In the records below, find the line containing "the application model." and the line containing "Data Store Memory10"; please repeat exactly the lines from one to the other, both included, and nothing more.
== Segment start ==
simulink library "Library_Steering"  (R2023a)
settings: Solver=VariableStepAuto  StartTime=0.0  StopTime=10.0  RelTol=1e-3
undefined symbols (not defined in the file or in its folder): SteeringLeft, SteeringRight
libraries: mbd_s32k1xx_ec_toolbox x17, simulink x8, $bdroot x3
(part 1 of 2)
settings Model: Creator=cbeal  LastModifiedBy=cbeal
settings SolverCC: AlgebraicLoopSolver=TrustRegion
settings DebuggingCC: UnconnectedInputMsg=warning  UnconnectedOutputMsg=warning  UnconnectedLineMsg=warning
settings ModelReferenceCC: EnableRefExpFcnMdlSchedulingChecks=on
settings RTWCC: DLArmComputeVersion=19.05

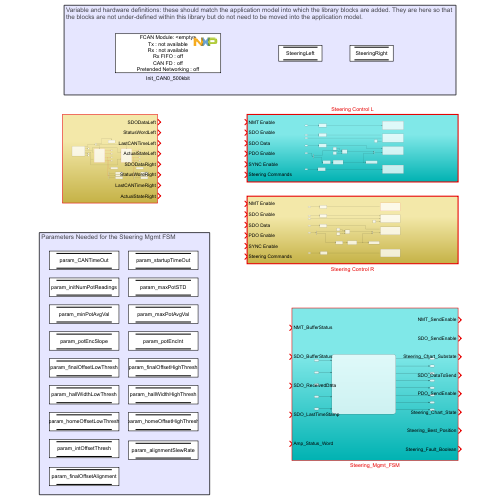
[thumbnail: Simulink's stored preview of the top-level diagram]
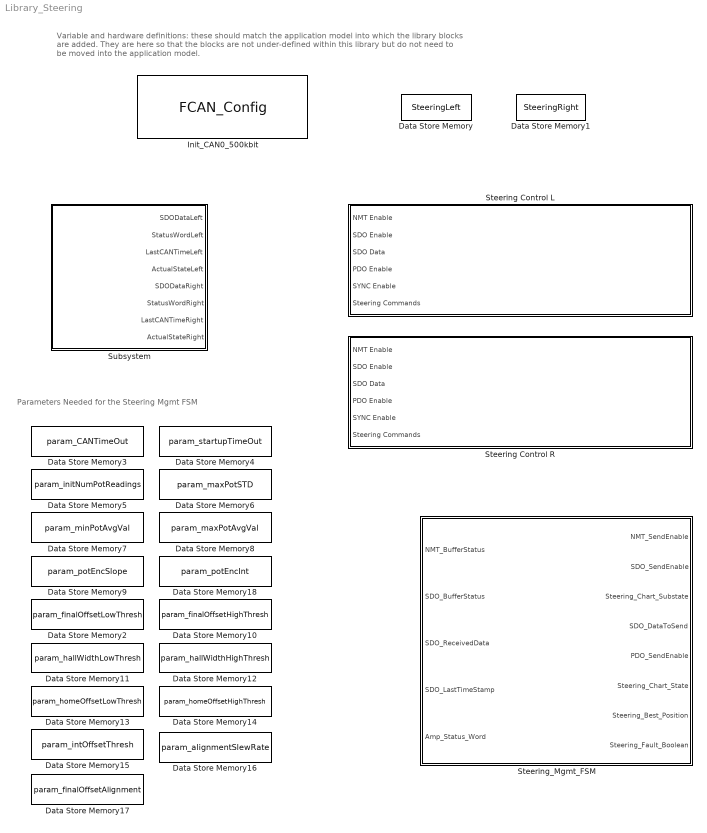
== system Library_Steering ==
  note: Parameters Needed for the Steering Mgmt FSM
  note: Variable and hardware definitions: these should match the application model into which the library blocks are added. They are here so that
      | the blocks are not under-defined within this library but do not need to be moved into the application model.
  Data Store Memory : DataStoreMemory  DataStoreName=SteeringLeft  ReadBeforeWriteMsg=warning  WriteAfterWriteMsg=warning  WriteAfterReadMsg=warning  InitialValue=zeros(15,1)  ShowAdditionalParam=off  OutDataTypeStr=uint8
  Data Store Memory1 : DataStoreMemory  DataStoreName=SteeringRight  ReadBeforeWriteMsg=warning  WriteAfterWriteMsg=warning  WriteAfterReadMsg=warning  InitialValue=zeros(15,1)  ShowAdditionalParam=off  OutDataTypeStr=uint8
  Data Store Memory10 : DataStoreMemory  DataStoreName=param_finalOffsetHighThresh  ReadBeforeWriteMsg=warning  WriteAfterWriteMsg=warning  WriteAfterReadMsg=warning  InitialValue=p1params.steering.left.finalOffsetHighThresh  ShowAdditionalParam=off  OutDataTypeStr=double
  Data Store Memory11 : DataStoreMemory  DataStoreName=param_hallWidthLowThresh  ReadBeforeWriteMsg=warning  WriteAfterWriteMsg=warning  WriteAfterReadMsg=warning  InitialValue=p1params.steering.left.hallWidthLowThresh  ShowAdditionalParam=off  OutDataTypeStr=double
  Data Store Memory12 : DataStoreMemory  DataStoreName=param_hallWidthHighThresh  ReadBeforeWriteMsg=warning  WriteAfterWriteMsg=warning  WriteAfterReadMsg=warning  InitialValue=p1params.steering.left.hallWidthHighThresh  ShowAdditionalParam=off  OutDataTypeStr=double
  Data Store Memory13 : DataStoreMemory  DataStoreName=param_homeOffsetLowThresh  ReadBeforeWriteMsg=warning  WriteAfterWriteMsg=warning  WriteAfterReadMsg=warning  InitialValue=p1params.steering.left.homeOffsetLowThresh  ShowAdditionalParam=off  OutDataTypeStr=double
  Data Store Memory14 : DataStoreMemory  DataStoreName=param_homeOffsetHighThresh  ReadBeforeWriteMsg=warning  WriteAfterWriteMsg=warning  WriteAfterReadMsg=warning  InitialValue=p1params.steering.left.homeOffsetHighThresh  ShowAdditionalParam=off  OutDataTypeStr=double
  Data Store Memory15 : DataStoreMemory  DataStoreName=param_intOffsetThresh  ReadBeforeWriteMsg=warning  WriteAfterWriteMsg=warning  WriteAfterReadMsg=warning  InitialValue=p1params.steering.left.intOffsetThresh  ShowAdditionalParam=off  OutDataTypeStr=double
  Data Store Memory16 : DataStoreMemory  DataStoreName=param_alignmentSlewRate  ReadBeforeWriteMsg=warning  WriteAfterWriteMsg=warning  WriteAfterReadMsg=warning  InitialValue=p1params.steering.left.alignmentSlewRate  ShowAdditionalParam=off  OutDataTypeStr=double
  Data Store Memory17 : DataStoreMemory  DataStoreName=param_finalOffsetAlignment  ReadBeforeWriteMsg=warning  WriteAfterWriteMsg=warning  WriteAfterReadMsg=warning  InitialValue=p1params.steering.left.finalOffsetAlignment  ShowAdditionalParam=off  OutDataTypeStr=double
  Data Store Memory18 : DataStoreMemory  DataStoreName=param_potEncInt  ReadBeforeWriteMsg=warning  WriteAfterWriteMsg=warning  WriteAfterReadMsg=warning  InitialValue=p1params.steering.left.potEncInt  ShowAdditionalParam=off  OutDataTypeStr=double
  Data Store Memory2 : DataStoreMemory  DataStoreName=param_finalOffsetLowThresh  ReadBeforeWriteMsg=warning  WriteAfterWriteMsg=warning  WriteAfterReadMsg=warning  InitialValue=p1params.steering.left.finalOffsetLowThresh  ShowAdditionalParam=off  OutDataTypeStr=double
  Data Store Memory3 : DataStoreMemory  DataStoreName=param_CANTimeOut  ReadBeforeWriteMsg=warning  WriteAfterWriteMsg=warning  WriteAfterReadMsg=warning  ShowAdditionalParam=off  OutDataTypeStr=double
  Data Store Memory4 : DataStoreMemory  DataStoreName=param_startupTimeOut  ReadBeforeWriteMsg=warning  WriteAfterWriteMsg=warning  WriteAfterReadMsg=warning  ShowAdditionalParam=off  OutDataTypeStr=double
  Data Store Memory5 : DataStoreMemory  DataStoreName=param_initNumPotReadings  ReadBeforeWriteMsg=warning  WriteAfterWriteMsg=warning  WriteAfterReadMsg=warning  InitialValue=p1params.steering.left.initNumPotReadings  ShowAdditionalParam=off  OutDataTypeStr=double
  Data Store Memory6 : DataStoreMemory  DataStoreName=param_maxPotSTD  ReadBeforeWriteMsg=warning  WriteAfterWriteMsg=warning  WriteAfterReadMsg=warning  InitialValue=p1params.steering.left.maxPotSTD  ShowAdditionalParam=off  OutDataTypeStr=double
  Data Store Memory7 : DataStoreMemory  DataStoreName=param_minPotAvgVal  ReadBeforeWriteMsg=warning  WriteAfterWriteMsg=warning  WriteAfterReadMsg=warning  InitialValue=p1params.steering.left.minPotAvgVal  ShowAdditionalParam=off  OutDataTypeStr=double
  Data Store Memory8 : DataStoreMemory  DataStoreName=param_maxPotAvgVal  ReadBeforeWriteMsg=warning  WriteAfterWriteMsg=warning  WriteAfterReadMsg=warning  InitialValue=p1params.steering.left.maxPotAvgVal  ShowAdditionalParam=off  OutDataTypeStr=double
  Data Store Memory9 : DataStoreMemory  DataStoreName=param_potEncSlope  ReadBeforeWriteMsg=warning  WriteAfterWriteMsg=warning  WriteAfterReadMsg=warning  InitialValue=p1params.steering.left.potEncSlope  ShowAdditionalParam=off  OutDataTypeStr=double
  Init_CAN0_500kbit : mbd_s32k1xx_ec_toolbox/Communication Blocks/CAN Blocks/FCAN_Config  Priority=1  can_instance=<empty>  can_mode=Normal mode  can_max_num_mb=0  can_rx=not available  can_tx=not available  show_adv_opts=off  can_clk_src=Peripheral clock  bitrate=500  bitrate_adv_opts=off  can_presdiv=7  can_rjw=3  can_pseg1=6  can_pseg2=3  can_propseg=7  can_cbt_presdiv=9  can_cbt_rjw=0  can_cbt_pseg1=3  can_cbt_pseg2=3  can_cbt_propseg=6  can_fd_enable=off  can_payload=8  can_rxfifo_enable=off  can_fifo_id_filter_extended=off  can_fifo_id_filter_remote=off  can_num_id_filters=8  can_fifo_id_format=A  can_fifo_id_filter={'0x0', '0x0', '0x0', '0x0', '0x0', '0x0', '0x0', '0x0'}  can_pn_enable=off  can_wakeup_match=off  can_wakeup_timeout=off  can_timeout_en=off  can_match_timeout=1  can_multiple_matches_en=off  can_num_matches=1  can_idfilter_extendedid=off  can_idfilter_remoteframe=off  can_idfilter_type=Match exact  can_idfilter_id1=0  can_idfilter_id2=0  can_payloadfilter_enable=on  can_payloadfilter_dlclow=0  can_payloadfilter_dlchigh=0  can_payloadfilter_type=Match exact  can_payloadfilter_payload1_b0=0  can_payloadfilter_payload1_b1=0  can_payloadfilter_payload1_b2=0  can_payloadfilter_payload1_b3=0  can_payloadfilter_payload1_b4=0  can_payloadfilter_payload1_b5=0  can_payloadfilter_payload1_b6=0  can_payloadfilter_payload1_b7=0  can_payloadfilter_payload2_b0=0  can_payloadfilter_payload2_b1=0  can_payloadfilter_payload2_b2=0  can_payloadfilter_payload2_b3=0  can_payloadfilter_payload2_b4=0  can_payloadfilter_payload2_b5=0  can_payloadfilter_payload2_b6=0  can_payloadfilter_payload2_b7=0
  Steering Control L : Subsystem  TreatAsAtomicUnit=on
      settings: RTWSystemCode=Nonreusable function
  Steering Control R : Subsystem  TreatAsAtomicUnit=on
      settings: RTWSystemCode=Nonreusable function
  Steering_Mgmt_FSM : Subsystem
  Subsystem : Subsystem

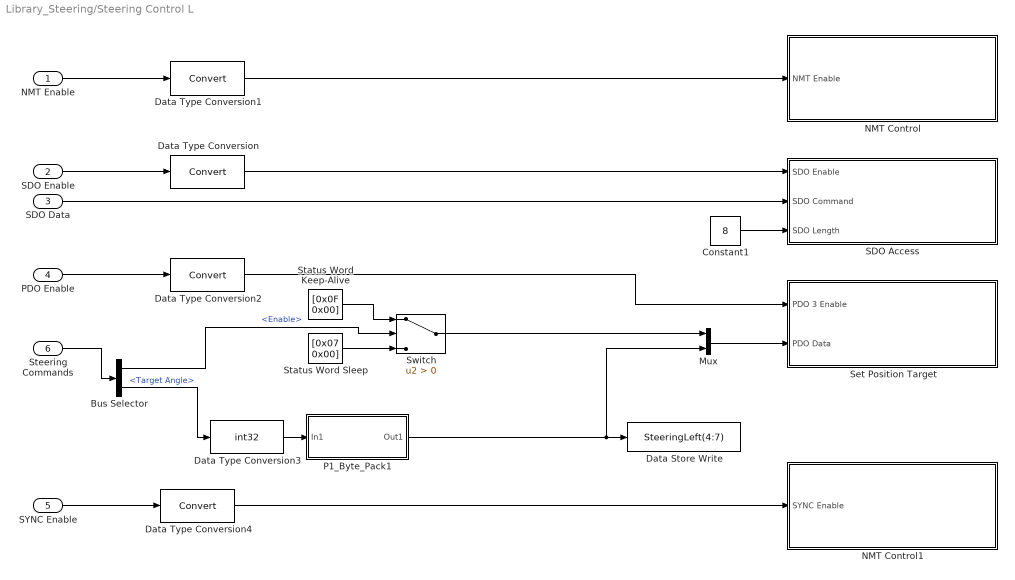
== system Library_Steering/Steering Control L ==
  NMT Enable : Inport
  SDO Enable : Inport  Port=2
  SDO Data : Inport  Port=3
  PDO Enable : Inport  Port=4
  SYNC Enable : Inport  Port=5
  Steering Commands : Inport  Port=6
  Bus Selector : BusSelector  OutputSignals=Enable,Target Angle
  Constant1 : Constant  Value=8  OutDataTypeStr=uint8
  Data Store Write : DataStoreWrite  DataStoreName=SteeringLeft  DataStoreElements=SteeringLeft(4:7)  IndexOptions=Index vector (dialog)  Indices=1  OutputSizes=1
  Data Type Conversion{,1..2,4} (4 alike) : DataTypeConversion  SaturateOnIntegerOverflow=off  RndMeth=Floor
  Data Type Conversion3 : DataTypeConversion  OutDataTypeStr=int32  SaturateOnIntegerOverflow=off  RndMeth=Floor
  Mux : Mux  Inputs=2
  NMT Control : Subsystem
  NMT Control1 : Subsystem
== Segment end ==
Task output:
      | the blocks are not under-defined within this library but do not need to be moved into the application model.
  Data Store Memory : DataStoreMemory  DataStoreName=SteeringLeft  ReadBeforeWriteMsg=warning  WriteAfterWriteMsg=warning  WriteAfterReadMsg=warning  InitialValue=zeros(15,1)  ShowAdditionalParam=off  OutDataTypeStr=uint8
  Data Store Memory1 : DataStoreMemory  DataStoreName=SteeringRight  ReadBeforeWriteMsg=warning  WriteAfterWriteMsg=warning  WriteAfterReadMsg=warning  InitialValue=zeros(15,1)  ShowAdditionalParam=off  OutDataTypeStr=uint8
  Data Store Memory10 : DataStoreMemory  DataStoreName=param_finalOffsetHighThresh  ReadBeforeWriteMsg=warning  WriteAfterWriteMsg=warning  WriteAfterReadMsg=warning  InitialValue=p1params.steering.left.finalOffsetHighThresh  ShowAdditionalParam=off  OutDataTypeStr=double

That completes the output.